Retype, exactly as they appear below, the lines between the line holding "#93=LINE('',#92,#91);" and the line holding "#100=DIRECTION('',(0.,0.978260869565217,-0.207378087264554));", both ends included.
[Opening MATERIAL SHOWN section]
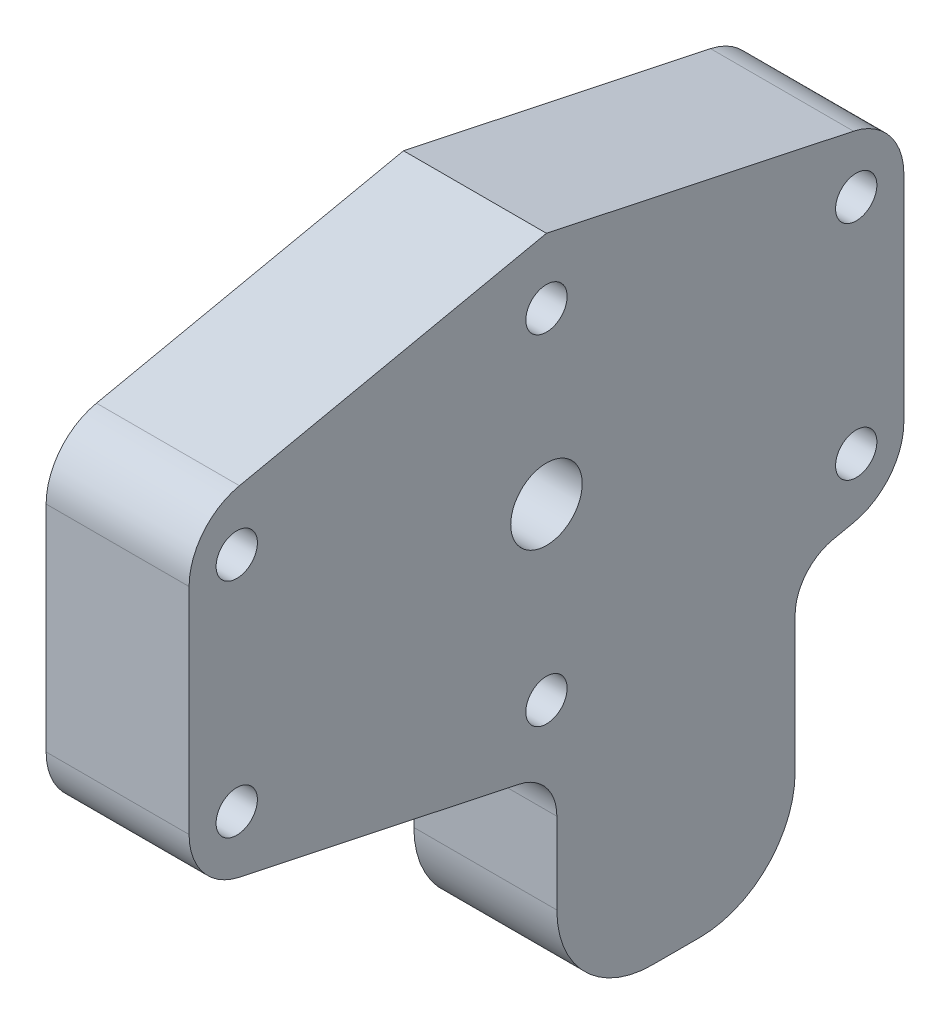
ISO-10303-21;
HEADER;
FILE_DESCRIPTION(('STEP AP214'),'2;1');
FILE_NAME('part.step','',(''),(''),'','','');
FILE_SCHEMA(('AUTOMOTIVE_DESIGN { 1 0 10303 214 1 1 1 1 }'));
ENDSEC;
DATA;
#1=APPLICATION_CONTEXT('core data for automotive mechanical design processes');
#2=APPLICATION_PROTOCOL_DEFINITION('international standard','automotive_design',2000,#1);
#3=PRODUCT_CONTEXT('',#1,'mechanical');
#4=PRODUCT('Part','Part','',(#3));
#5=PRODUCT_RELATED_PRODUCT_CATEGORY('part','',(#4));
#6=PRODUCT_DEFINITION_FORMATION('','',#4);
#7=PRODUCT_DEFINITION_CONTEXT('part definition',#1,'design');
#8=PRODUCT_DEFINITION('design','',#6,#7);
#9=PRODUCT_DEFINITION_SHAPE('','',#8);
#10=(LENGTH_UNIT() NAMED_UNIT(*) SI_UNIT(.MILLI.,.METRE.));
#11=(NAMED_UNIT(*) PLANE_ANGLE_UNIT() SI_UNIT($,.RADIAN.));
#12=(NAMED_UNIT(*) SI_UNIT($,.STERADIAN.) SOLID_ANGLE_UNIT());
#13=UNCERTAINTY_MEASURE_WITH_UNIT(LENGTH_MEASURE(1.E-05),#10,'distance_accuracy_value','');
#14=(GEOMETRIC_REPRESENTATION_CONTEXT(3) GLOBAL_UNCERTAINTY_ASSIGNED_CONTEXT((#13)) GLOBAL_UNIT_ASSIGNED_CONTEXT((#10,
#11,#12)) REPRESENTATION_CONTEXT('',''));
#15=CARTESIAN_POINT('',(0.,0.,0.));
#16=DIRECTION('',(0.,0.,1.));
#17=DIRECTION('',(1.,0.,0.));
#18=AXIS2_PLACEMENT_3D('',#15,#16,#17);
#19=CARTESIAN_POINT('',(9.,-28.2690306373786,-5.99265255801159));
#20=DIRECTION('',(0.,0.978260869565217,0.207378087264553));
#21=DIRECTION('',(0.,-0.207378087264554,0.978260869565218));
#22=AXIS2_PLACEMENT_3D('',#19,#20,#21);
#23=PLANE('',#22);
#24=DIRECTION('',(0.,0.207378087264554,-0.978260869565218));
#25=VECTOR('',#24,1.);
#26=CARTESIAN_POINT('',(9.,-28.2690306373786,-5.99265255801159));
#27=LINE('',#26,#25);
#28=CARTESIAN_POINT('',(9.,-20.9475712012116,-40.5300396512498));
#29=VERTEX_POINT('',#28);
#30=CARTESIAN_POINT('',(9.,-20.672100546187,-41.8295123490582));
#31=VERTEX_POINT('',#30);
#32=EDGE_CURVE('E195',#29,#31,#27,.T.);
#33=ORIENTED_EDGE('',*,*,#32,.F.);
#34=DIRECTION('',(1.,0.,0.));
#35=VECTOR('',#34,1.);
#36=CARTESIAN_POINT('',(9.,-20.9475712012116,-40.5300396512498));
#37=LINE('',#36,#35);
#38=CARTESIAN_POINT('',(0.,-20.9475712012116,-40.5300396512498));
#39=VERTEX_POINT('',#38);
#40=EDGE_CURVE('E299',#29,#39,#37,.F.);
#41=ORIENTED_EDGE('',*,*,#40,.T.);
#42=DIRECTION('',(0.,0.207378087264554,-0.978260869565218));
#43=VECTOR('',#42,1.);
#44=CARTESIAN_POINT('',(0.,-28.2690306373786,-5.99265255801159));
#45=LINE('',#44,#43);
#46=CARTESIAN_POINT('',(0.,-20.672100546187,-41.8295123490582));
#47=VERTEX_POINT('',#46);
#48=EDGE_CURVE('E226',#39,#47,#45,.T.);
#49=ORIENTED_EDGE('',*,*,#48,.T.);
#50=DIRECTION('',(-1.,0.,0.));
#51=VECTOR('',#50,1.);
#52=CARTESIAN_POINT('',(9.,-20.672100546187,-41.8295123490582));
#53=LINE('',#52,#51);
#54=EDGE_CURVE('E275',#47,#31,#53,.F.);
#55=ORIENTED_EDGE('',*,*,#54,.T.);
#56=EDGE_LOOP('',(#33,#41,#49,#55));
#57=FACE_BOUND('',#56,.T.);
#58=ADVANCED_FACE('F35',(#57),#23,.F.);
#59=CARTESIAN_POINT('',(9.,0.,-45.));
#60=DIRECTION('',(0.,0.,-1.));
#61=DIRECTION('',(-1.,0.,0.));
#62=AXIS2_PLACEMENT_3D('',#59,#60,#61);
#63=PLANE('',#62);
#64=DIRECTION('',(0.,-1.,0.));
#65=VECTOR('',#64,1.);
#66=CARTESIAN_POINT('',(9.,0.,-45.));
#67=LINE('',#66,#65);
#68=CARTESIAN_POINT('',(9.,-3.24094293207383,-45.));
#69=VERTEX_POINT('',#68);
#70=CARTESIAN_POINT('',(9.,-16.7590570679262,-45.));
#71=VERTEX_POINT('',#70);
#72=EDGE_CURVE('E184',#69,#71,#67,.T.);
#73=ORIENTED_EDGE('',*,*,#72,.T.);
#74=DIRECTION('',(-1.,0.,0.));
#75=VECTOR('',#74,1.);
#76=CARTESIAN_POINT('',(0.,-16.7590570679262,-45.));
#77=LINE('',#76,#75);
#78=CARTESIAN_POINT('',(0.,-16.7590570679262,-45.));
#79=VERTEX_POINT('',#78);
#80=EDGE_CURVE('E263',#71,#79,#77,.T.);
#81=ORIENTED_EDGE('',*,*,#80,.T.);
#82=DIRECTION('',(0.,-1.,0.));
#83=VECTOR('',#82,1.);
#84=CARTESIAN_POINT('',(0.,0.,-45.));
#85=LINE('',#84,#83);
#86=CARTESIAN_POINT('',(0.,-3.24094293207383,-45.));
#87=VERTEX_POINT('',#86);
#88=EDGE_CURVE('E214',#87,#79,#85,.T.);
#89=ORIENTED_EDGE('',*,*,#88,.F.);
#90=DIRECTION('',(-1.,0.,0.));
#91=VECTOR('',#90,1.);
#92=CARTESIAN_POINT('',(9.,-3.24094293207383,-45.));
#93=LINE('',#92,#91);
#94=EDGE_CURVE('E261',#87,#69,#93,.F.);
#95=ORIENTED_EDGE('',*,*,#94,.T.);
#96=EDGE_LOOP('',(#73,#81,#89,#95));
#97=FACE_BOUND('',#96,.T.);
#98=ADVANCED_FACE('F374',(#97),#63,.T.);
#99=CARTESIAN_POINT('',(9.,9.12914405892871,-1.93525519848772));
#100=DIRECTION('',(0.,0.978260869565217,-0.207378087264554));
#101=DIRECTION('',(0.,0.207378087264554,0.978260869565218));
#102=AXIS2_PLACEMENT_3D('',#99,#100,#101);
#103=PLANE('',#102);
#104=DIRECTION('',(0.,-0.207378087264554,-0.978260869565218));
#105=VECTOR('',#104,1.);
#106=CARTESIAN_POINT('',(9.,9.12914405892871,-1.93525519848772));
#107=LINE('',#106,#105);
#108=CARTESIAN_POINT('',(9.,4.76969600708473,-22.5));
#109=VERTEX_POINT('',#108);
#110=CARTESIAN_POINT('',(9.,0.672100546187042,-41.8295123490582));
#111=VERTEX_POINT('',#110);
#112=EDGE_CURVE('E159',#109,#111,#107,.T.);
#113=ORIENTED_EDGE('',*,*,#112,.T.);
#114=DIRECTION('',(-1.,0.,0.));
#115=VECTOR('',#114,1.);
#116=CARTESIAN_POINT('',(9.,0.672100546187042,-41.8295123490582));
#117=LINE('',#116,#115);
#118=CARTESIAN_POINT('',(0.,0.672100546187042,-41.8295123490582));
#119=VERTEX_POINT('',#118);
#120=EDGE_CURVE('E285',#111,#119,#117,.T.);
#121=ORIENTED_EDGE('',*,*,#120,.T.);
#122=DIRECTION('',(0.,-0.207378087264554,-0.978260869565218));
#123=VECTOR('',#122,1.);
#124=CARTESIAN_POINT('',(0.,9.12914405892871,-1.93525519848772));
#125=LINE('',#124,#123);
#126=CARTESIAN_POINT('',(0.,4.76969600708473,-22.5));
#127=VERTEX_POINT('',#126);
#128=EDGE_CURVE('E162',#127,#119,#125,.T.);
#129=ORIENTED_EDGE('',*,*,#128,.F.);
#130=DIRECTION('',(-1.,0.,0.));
[Closing MATERIAL SHOWN section]
SOLUTION FOR THIS EXERCISE:
#93=LINE('',#92,#91);
#94=EDGE_CURVE('E261',#87,#69,#93,.F.);
#95=ORIENTED_EDGE('',*,*,#94,.T.);
#96=EDGE_LOOP('',(#73,#81,#89,#95));
#97=FACE_BOUND('',#96,.T.);
#98=ADVANCED_FACE('F374',(#97),#63,.T.);
#99=CARTESIAN_POINT('',(9.,9.12914405892871,-1.93525519848772));
#100=DIRECTION('',(0.,0.978260869565217,-0.207378087264554));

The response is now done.